**What you should do:**
Take the data below. Output it exactly from its first line through the line containing "at (118.7, 42.8)".

[Collected data entries]
= Beginning of Section =

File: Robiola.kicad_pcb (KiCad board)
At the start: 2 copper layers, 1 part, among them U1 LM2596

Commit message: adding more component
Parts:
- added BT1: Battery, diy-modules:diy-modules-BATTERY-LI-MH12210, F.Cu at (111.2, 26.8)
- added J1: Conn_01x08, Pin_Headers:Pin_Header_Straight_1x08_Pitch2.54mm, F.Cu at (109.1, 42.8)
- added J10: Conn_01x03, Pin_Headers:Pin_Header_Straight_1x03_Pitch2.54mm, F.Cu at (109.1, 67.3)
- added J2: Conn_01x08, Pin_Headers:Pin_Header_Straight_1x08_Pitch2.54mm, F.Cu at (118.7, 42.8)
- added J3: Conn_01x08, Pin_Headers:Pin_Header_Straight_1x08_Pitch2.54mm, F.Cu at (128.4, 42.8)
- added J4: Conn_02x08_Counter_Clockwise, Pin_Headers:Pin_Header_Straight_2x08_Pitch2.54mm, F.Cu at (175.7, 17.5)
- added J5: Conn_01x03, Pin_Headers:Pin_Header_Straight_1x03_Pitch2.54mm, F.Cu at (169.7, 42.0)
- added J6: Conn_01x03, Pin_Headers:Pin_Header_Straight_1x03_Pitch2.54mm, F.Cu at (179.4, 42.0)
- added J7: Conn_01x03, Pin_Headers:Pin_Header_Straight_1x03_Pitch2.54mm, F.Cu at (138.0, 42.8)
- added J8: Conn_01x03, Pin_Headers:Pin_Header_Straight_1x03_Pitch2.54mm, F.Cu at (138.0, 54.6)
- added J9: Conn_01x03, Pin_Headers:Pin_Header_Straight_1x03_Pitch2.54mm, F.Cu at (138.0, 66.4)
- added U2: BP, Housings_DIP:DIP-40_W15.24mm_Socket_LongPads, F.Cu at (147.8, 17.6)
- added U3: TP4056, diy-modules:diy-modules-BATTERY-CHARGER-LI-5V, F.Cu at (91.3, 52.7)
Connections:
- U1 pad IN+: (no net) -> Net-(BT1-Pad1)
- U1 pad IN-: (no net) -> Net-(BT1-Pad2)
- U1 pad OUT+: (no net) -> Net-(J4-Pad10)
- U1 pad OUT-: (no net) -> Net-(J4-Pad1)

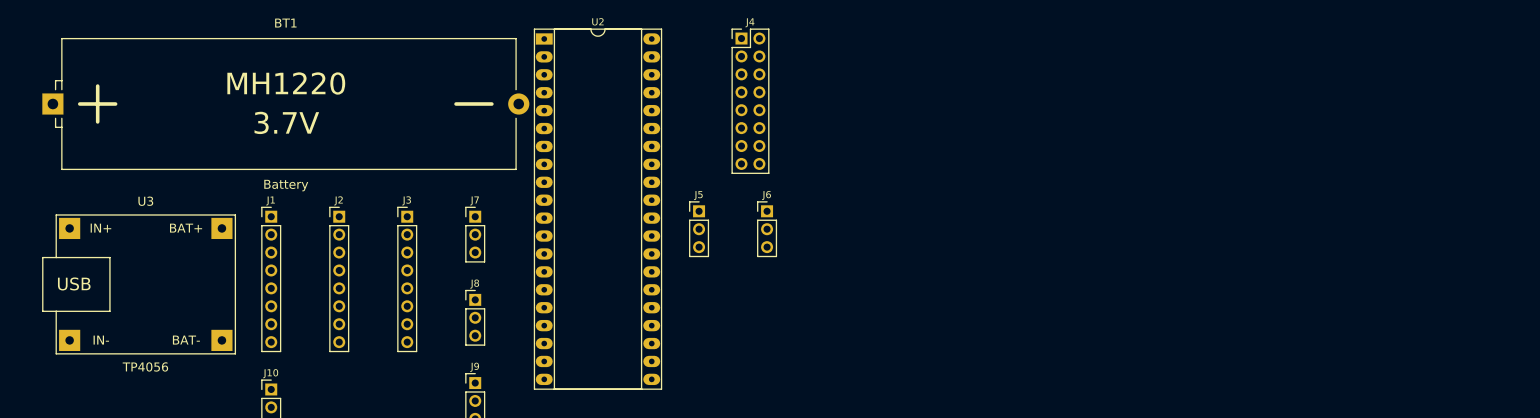
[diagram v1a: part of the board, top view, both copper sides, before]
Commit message: add desc in readme, adding some connection
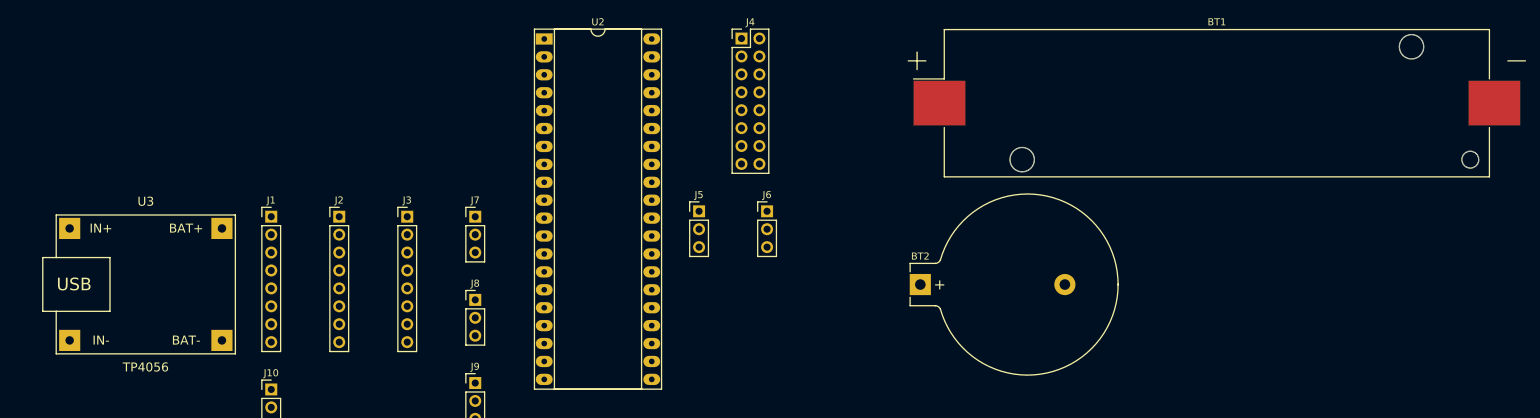
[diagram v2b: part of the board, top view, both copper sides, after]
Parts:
- added BT2: Battery_Cell, Battery_Holders:Keystone_104_1x23mm-CoinCell, F.Cu at (201.1, 52.4)
- BT1: footprint diy-modules:diy-modules-BATTERY-LI-MH12210 -> Battery_Holders:Keystone_1042_1x18650
- moved BT1 132.0 mm to (243.1, 26.7)
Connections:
- net Net-(J1-Pad6) renamed /PA5
- net Net-(J1-Pad8) renamed /PA7
- J1 pad 1: Net-(J1-Pad1) -> /PA0
- J1 pad 2: Net-(J1-Pad2) -> /PA1
- J1 pad 3: Net-(J1-Pad3) -> /PA2
- J1 pad 4: Net-(J1-Pad4) -> /PA3
- J1 pad 5: Net-(J1-Pad5) -> /PA4
- J1 pad 7: Net-(J1-Pad7) -> /PA6
- J10 pad 1: Net-(J10-Pad1) -> /PA6
- J10 pad 2: Net-(J10-Pad2) -> /+5v
- J10 pad 3: Net-(J10-Pad3) -> /GND
- J3 pad 1: Net-(J3-Pad1) -> /PB3
- J3 pad 2: Net-(J3-Pad2) -> /PB4
- J3 pad 3: Net-(J3-Pad3) -> /PB5
- J3 pad 4: Net-(J3-Pad4) -> /PB6
- J3 pad 5: Net-(J3-Pad5) -> /PB7
- J3 pad 6: Net-(J3-Pad6) -> /PB8
- J3 pad 7: Net-(J3-Pad7) -> /PB8
- J3 pad 8: Net-(J3-Pad8) -> /PB9
- J4 pad 1: Net-(J4-Pad1) -> /GND
- J4 pad 10: Net-(J4-Pad10) -> /+5v
- J4 pad 11: Net-(J4-Pad10) -> /+5v
- J4 pad 12: Net-(J4-Pad10) -> /+5v
- J4 pad 13: Net-(J4-Pad10) -> /+5v
- J4 pad 14: Net-(J4-Pad10) -> /+5v
- J4 pad 15: Net-(J4-Pad10) -> /+5v
- J4 pad 16: Net-(J4-Pad10) -> /+5v
- J4 pad 2: Net-(J4-Pad1) -> /GND
- J4 pad 3: Net-(J4-Pad1) -> /GND
- J4 pad 4: Net-(J4-Pad1) -> /GND
- J4 pad 5: Net-(J4-Pad1) -> /GND
- J4 pad 6: Net-(J4-Pad1) -> /GND
- J4 pad 7: Net-(J4-Pad1) -> /GND
- J4 pad 8: Net-(J4-Pad1) -> /GND
- J4 pad 9: Net-(J4-Pad10) -> /+5v
- J5 pad 1: Net-(J5-Pad1) -> /PA0
- J5 pad 2: Net-(J5-Pad2) -> /+5v
- J5 pad 3: Net-(J5-Pad3) -> /GND
- J6 pad 1: Net-(J6-Pad1) -> /PA1
- J6 pad 2: Net-(J6-Pad2) -> /+5v
- J6 pad 3: Net-(J6-Pad3) -> /GND
- J7 pad 1: Net-(J7-Pad1) -> /PA2
- J7 pad 2: Net-(J7-Pad2) -> /+5v
- J7 pad 3: Net-(J7-Pad3) -> /GND
- J8 pad 1: Net-(J8-Pad1) -> /PA3
- J8 pad 2: Net-(J8-Pad2) -> /+5v
- J8 pad 3: Net-(J8-Pad3) -> /GND
- J9 pad 1: Net-(J9-Pad1) -> /PA4
- J9 pad 2: Net-(J9-Pad2) -> /+5v
- J9 pad 3: Net-(J9-Pad3) -> /GND
- U1 pad OUT+: Net-(J4-Pad10) -> /+5v
- U1 pad OUT-: Net-(J4-Pad1) -> /GND
- U2 pad 18: Net-(J4-Pad10) -> /+5v
- U2 pad 19: Net-(U2-Pad19) -> /GND
- U2 pad 25: Net-(J1-Pad1) -> /PA0
- U2 pad 26: Net-(J1-Pad2) -> /PA1
- U2 pad 27: Net-(J1-Pad3) -> /PA2
- U2 pad 28: Net-(J1-Pad4) -> /PA3
- U2 pad 29: Net-(J1-Pad5) -> /PA4
- U2 pad 31: Net-(J1-Pad7) -> /PA6
- U2 pad 39: Net-(U2-Pad39) -> /GND
- U2 pad 40: Net-(U2-Pad40) -> /GND

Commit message: fixing a header, adding size estimation, add wanted feature to README
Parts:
- J4: value Conn_02x08_Counter_Clockwise -> Conn_02x08_Odd_Even
- moved BT1 135.0 mm to (111.4, 56.1)
- moved U2 77.9 mm to (117.1, 89.2), turned to 90 degrees
- moved J6 75.4 mm to (169.9, 116.8)
- moved U1 72.8 mm to (91.2, 83.3)
- moved BT2 67.1 mm to (153.0, 99.2), turned to 270 degrees
- moved J5 55.6 mm to (168.2, 97.6)
- moved J8 55.6 mm to (136.5, 110.2)
- moved J9 55.6 mm to (136.5, 122.0)
- moved J1 55.6 mm to (107.6, 98.4)
- moved J2 55.6 mm to (117.2, 98.4)
- moved J3 55.6 mm to (126.8, 98.4)
- moved J7 55.6 mm to (136.5, 98.4)
- moved U3 55.6 mm to (89.8, 108.3)
- moved J10 55.6 mm to (107.6, 122.9)
- moved J4 33.8 mm to (162.8, 48.8)
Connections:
- J4 pad 11: /+5v -> /GND
- J4 pad 13: /+5v -> /GND
- J4 pad 15: /+5v -> /GND
- J4 pad 2: /GND -> /+5v
- J4 pad 4: /GND -> /+5v
- J4 pad 6: /GND -> /+5v
- J4 pad 8: /GND -> /+5v
- J4 pad 9: /+5v -> /GND

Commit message: finishing ver 1
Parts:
- removed BT1: Battery, Battery_Holders:Keystone_1042_1x18650
- removed BT2: Battery_Cell, Battery_Holders:Keystone_104_1x23mm-CoinCell
- removed J10, J9: Conn_01x03, Pin_Headers:Pin_Header_Straight_1x03_Pitch2.54mm
- removed U3: TP4056, diy-modules:diy-modules-BATTERY-CHARGER-LI-5V
- added D1: LED, LEDs:LED_D3.0mm, F.Cu at (109.7, 74.4)
- added J11: Conn_02x02_Odd_Even, Pin_Headers:Pin_Header_Straight_2x02_Pitch2.54mm, F.Cu at (112.3, 106.9)
- added J12: Conn_02x02_Odd_Even, Pin_Headers:Pin_Header_Straight_2x02_Pitch2.54mm, F.Cu at (122.2, 44.5)
- added R1: 330, Resistors_THT:R_Axial_DIN0204_L3.6mm_D1.6mm_P5.08mm_Horizontal, F.Cu at (118.0, 74.4)
- added REF**: 1pin, Connectors:1pin, F.Cu at (122.6, 76.8)
- added REF**: 1pin, Connectors:1pin, F.Cu at (155.6, 89.5)
- added REF**: 1pin, Connectors:1pin, F.Cu at (109.0, 42.5)
- added SW1: SW_DPDT_x2, Buttons_Switches_THT:SW_CuK_JS202011CQN_DPDT_Straight, F.Cu at (110.6, 80.1)
- J2: value Conn_01x08 -> Conn_01x06; footprint Pin_Headers:Pin_Header_Straight_1x08_Pitch2.54mm -> Pin_Headers:Pin_Header_Straight_1x06_Pitch2.54mm
- J5: value Conn_01x03 -> Conn_02x08_Odd_Even; footprint Pin_Headers:Pin_Header_Straight_1x03_Pitch2.54mm -> Pin_Headers:Pin_Header_Straight_2x08_Pitch2.54mm
- J6: value Conn_01x03 -> Conn_01x08; footprint Pin_Headers:Pin_Header_Straight_1x03_Pitch2.54mm -> Pin_Headers:Pin_Header_Straight_1x08_Pitch2.54mm
- J8: value Conn_01x03 -> Barrel_Jack; footprint Pin_Headers:Pin_Header_Straight_1x03_Pitch2.54mm -> Connectors:BARREL_JACK
- moved J6 86.5 mm to (112.5, 52.1)
- moved J5 64.7 mm to (109.7, 69.8), turned to 180 degrees
- moved U1 55.9 mm to (142.9, 104.5)
- moved J1 48.3 mm to (121.3, 52.1)
- moved J3 45.5 mm to (157.5, 64.8), turned to 180 degrees
- moved J2 44.3 mm to (157.5, 80.0), turned to 180 degrees
- moved U2 30.6 mm to (147.7, 90.2), turned to 180 degrees
- moved J8 23.4 mm to (118.5, 95.2)
- moved J7 19.5 mm to (125.0, 82.7)
- moved J4 3.21 mm to (160.1, 47.0)
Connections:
- J3 pad 7: /PB8 -> /PB9
- J3 pad 8: /PB9 -> /+5V
- J4 pad 10: /+5v -> /+5V
- J4 pad 12: /+5v -> /+5V
- J4 pad 14: /+5v -> /+5V
- J4 pad 16: /+5v -> /+5V
- J4 pad 2: /+5v -> /+5V
- J4 pad 4: /+5v -> /+5V
- J4 pad 6: /+5v -> /+5V
- J4 pad 8: /+5v -> /+5V
- J5 pad 1: /PA0 -> /GND
- J5 pad 2: /+5v -> /+5V
- J6 pad 1: /PA1 -> /PA0
- J6 pad 2: /+5v -> /PA1
- J6 pad 3: /GND -> /PA2
- J7 pad 1: /PA2 -> /PB10
- J7 pad 2: /+5v -> /PB11
- J8 pad 1: /PA3 -> Net-(J11-Pad1)
- J8 pad 2: /+5v -> Net-(J11-Pad3)
- J8 pad 3: /GND -> Net-(J8-Pad3)
- U1 pad IN-: Net-(BT1-Pad2) -> Net-(J11-Pad3)
- U1 pad OUT+: /+5v -> /+5V
- U2 pad 10: Net-(J2-Pad8) -> Net-(J2-Pad6)
- U2 pad 18: /+5v -> /+5V
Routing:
- net /+5V: track 0.00 -> 228.8 mm, vias 0 -> 2
- net /GND: track 0.00 -> 198.0 mm
- net Net-(J11-Pad3): track 0.00 -> 35.1 mm
- net Net-(J11-Pad1): track 0.00 -> 34.0 mm
- net Net-(SW1-Pad1): track 0.00 -> 23.6 mm
- net /PA7: track 0.00 -> 19.9 mm
- net /PA6: track 0.00 -> 19.9 mm
- net /PA5: track 0.00 -> 19.9 mm
- net /PA4: track 0.00 -> 19.9 mm
- net /PA3: track 0.00 -> 19.9 mm
- net /PA2: track 0.00 -> 19.9 mm
- net /PA1: track 0.00 -> 19.9 mm
- net /PA0: track 0.00 -> 19.9 mm
- net /PB10: track 0.00 -> 10.7 mm
- net Net-(J12-Pad2): track 0.00 -> 10.3 mm
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- added copper zone on B.Cu, net /GND
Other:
- board text added: "Robiola 20171120"

= End of Section =

**Answer box:**
File: Robiola.kicad_pcb (KiCad board)
At the start: 2 copper layers, 1 part, among them U1 LM2596

Commit message: adding more component
Parts:
- added BT1: Battery, diy-modules:diy-modules-BATTERY-LI-MH12210, F.Cu at (111.2, 26.8)
- added J1: Conn_01x08, Pin_Headers:Pin_Header_Straight_1x08_Pitch2.54mm, F.Cu at (109.1, 42.8)
- added J10: Conn_01x03, Pin_Headers:Pin_Header_Straight_1x03_Pitch2.54mm, F.Cu at (109.1, 67.3)
- added J2: Conn_01x08, Pin_Headers:Pin_Header_Straight_1x08_Pitch2.54mm, F.Cu at (118.7, 42.8)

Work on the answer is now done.